**THE TASK**
Transcribe verbatim every line from the line containing "arc A2 (13.25, 7.8)" to the end of the entries, including both endpoints. Output nothing beyond those lines.

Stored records
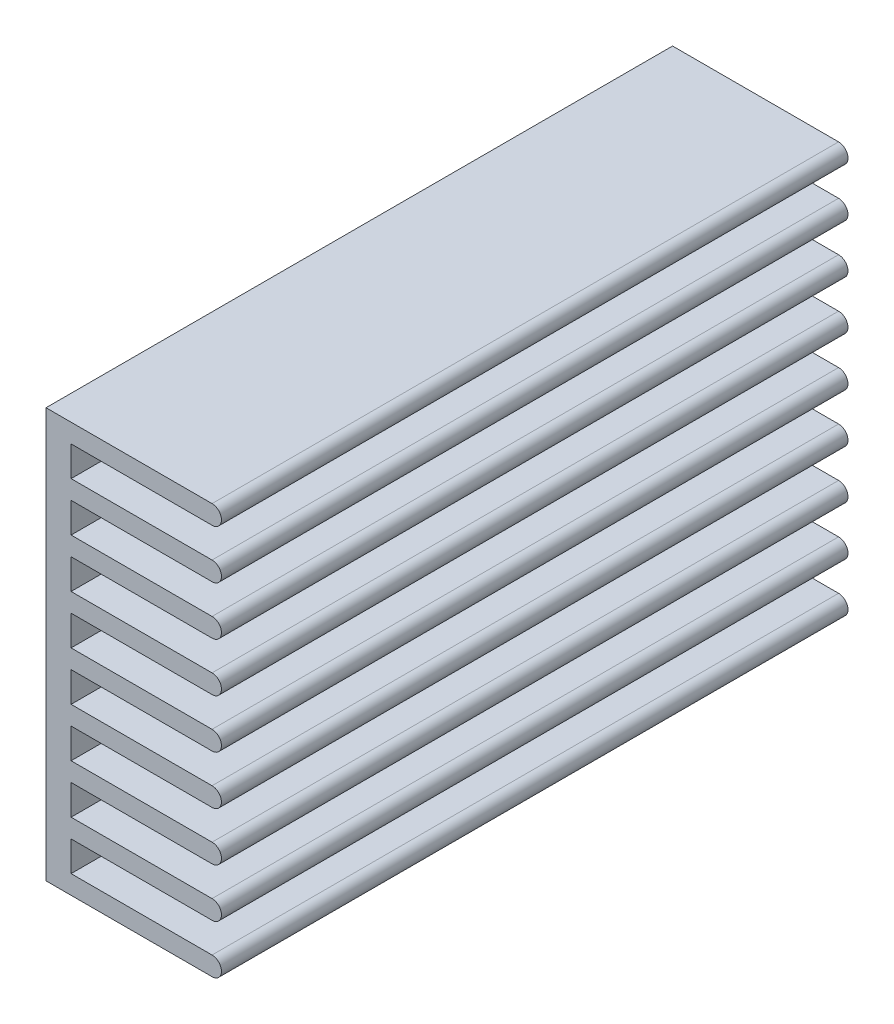
SolidWorks part; units mm, degrees
material "Stop 1060"
ref_plane "Front" through (0, 0, 0) normal (0, 0, 1) x (1, 0, 0)
ref_plane "Top" through (0, 0, 0) normal (0, 1, 0) x (1, 0, 0)
ref_plane "Right" through (0, 0, 0) normal (1, 0, 0) x (0, 0, -1)
sketch "Szkic1" plane through (0, 0, 0) normal (0, 0, 1) x (1, 0, 0)
  line L0 (13.25, 1.5) -> (2, 1.5)
  line L1 (0, 0) -> (13.25, 0)
  line L2 (0, 0) -> (0, 32.7)
  line L5 (13.25, 5.4) -> (2, 5.4)
  line L6 (2, 3.9) -> (13.25, 3.9)
  line L7 (13.25, 9.3) -> (2, 9.3)
  line L8 (2, 7.8) -> (13.25, 7.8)
  line L9 (13.25, 13.2) -> (2, 13.2)
  line L10 (2, 11.7) -> (13.25, 11.7)
  line L11 (13.25, 17.1) -> (2, 17.1)
  line L12 (2, 15.6) -> (13.25, 15.6)
  line L13 (13.25, 21) -> (2, 21)
  line L14 (2, 19.5) -> (13.25, 19.5)
  line L15 (13.25, 24.9) -> (2, 24.9)
  line L16 (2, 23.4) -> (13.25, 23.4)
  line L17 (13.25, 28.8) -> (2, 28.8)
  line L18 (2, 27.3) -> (13.25, 27.3)
  line L19 (13.25, 32.7) -> (0, 32.7)
  line L20 (2, 31.2) -> (13.25, 31.2)
  line L21 (2, 31.2) -> (2, 28.8)
  line L22 (2, 3.9) -> (2, 1.5)
  line L23 (2, 7.8) -> (2, 5.4)
  line L24 (2, 11.7) -> (2, 9.3)
  line L25 (2, 15.6) -> (2, 13.2)
  line L26 (2, 19.5) -> (2, 17.1)
  line L27 (2, 23.4) -> (2, 21)
  line L28 (2, 27.3) -> (2, 24.9)
  arc A0 (13.25, 0) -> (13.25, 1.5) centre (13.25, 0.75) ccw
  arc A1 (13.25, 3.9) -> (13.25, 5.4) centre (13.25, 4.65) ccw
  arc A2 (13.25, 7.8) -> (13.25, 9.3) centre (13.25, 8.55) ccw
  arc A3 (13.25, 11.7) -> (13.25, 13.2) centre (13.25, 12.45) ccw
  arc A4 (13.25, 15.6) -> (13.25, 17.1) centre (13.25, 16.35) ccw
  arc A5 (13.25, 19.5) -> (13.25, 21) centre (13.25, 20.25) ccw
  arc A6 (13.25, 23.4) -> (13.25, 24.9) centre (13.25, 24.15) ccw
  arc A7 (13.25, 27.3) -> (13.25, 28.8) centre (13.25, 28.05) ccw
  arc A8 (13.25, 31.2) -> (13.25, 32.7) centre (13.25, 31.95) ccw
  dimension "D4" = 2
  dimension "D2" = 1.5
  dimension "D3" = 9
extrude "Dodanie-wyciągnięcie1" add sketch "Szkic1" along normal blind 50

**ANSWER SPACE**
  arc A2 (13.25, 7.8) -> (13.25, 9.3) centre (13.25, 8.55) ccw
  arc A3 (13.25, 11.7) -> (13.25, 13.2) centre (13.25, 12.45) ccw
  arc A4 (13.25, 15.6) -> (13.25, 17.1) centre (13.25, 16.35) ccw
  arc A5 (13.25, 19.5) -> (13.25, 21) centre (13.25, 20.25) ccw
  arc A6 (13.25, 23.4) -> (13.25, 24.9) centre (13.25, 24.15) ccw
  arc A7 (13.25, 27.3) -> (13.25, 28.8) centre (13.25, 28.05) ccw
  arc A8 (13.25, 31.2) -> (13.25, 32.7) centre (13.25, 31.95) ccw
  dimension "D4" = 2
  dimension "D2" = 1.5
  dimension "D3" = 9
extrude "Dodanie-wyciągnięcie1" add sketch "Szkic1" along normal blind 50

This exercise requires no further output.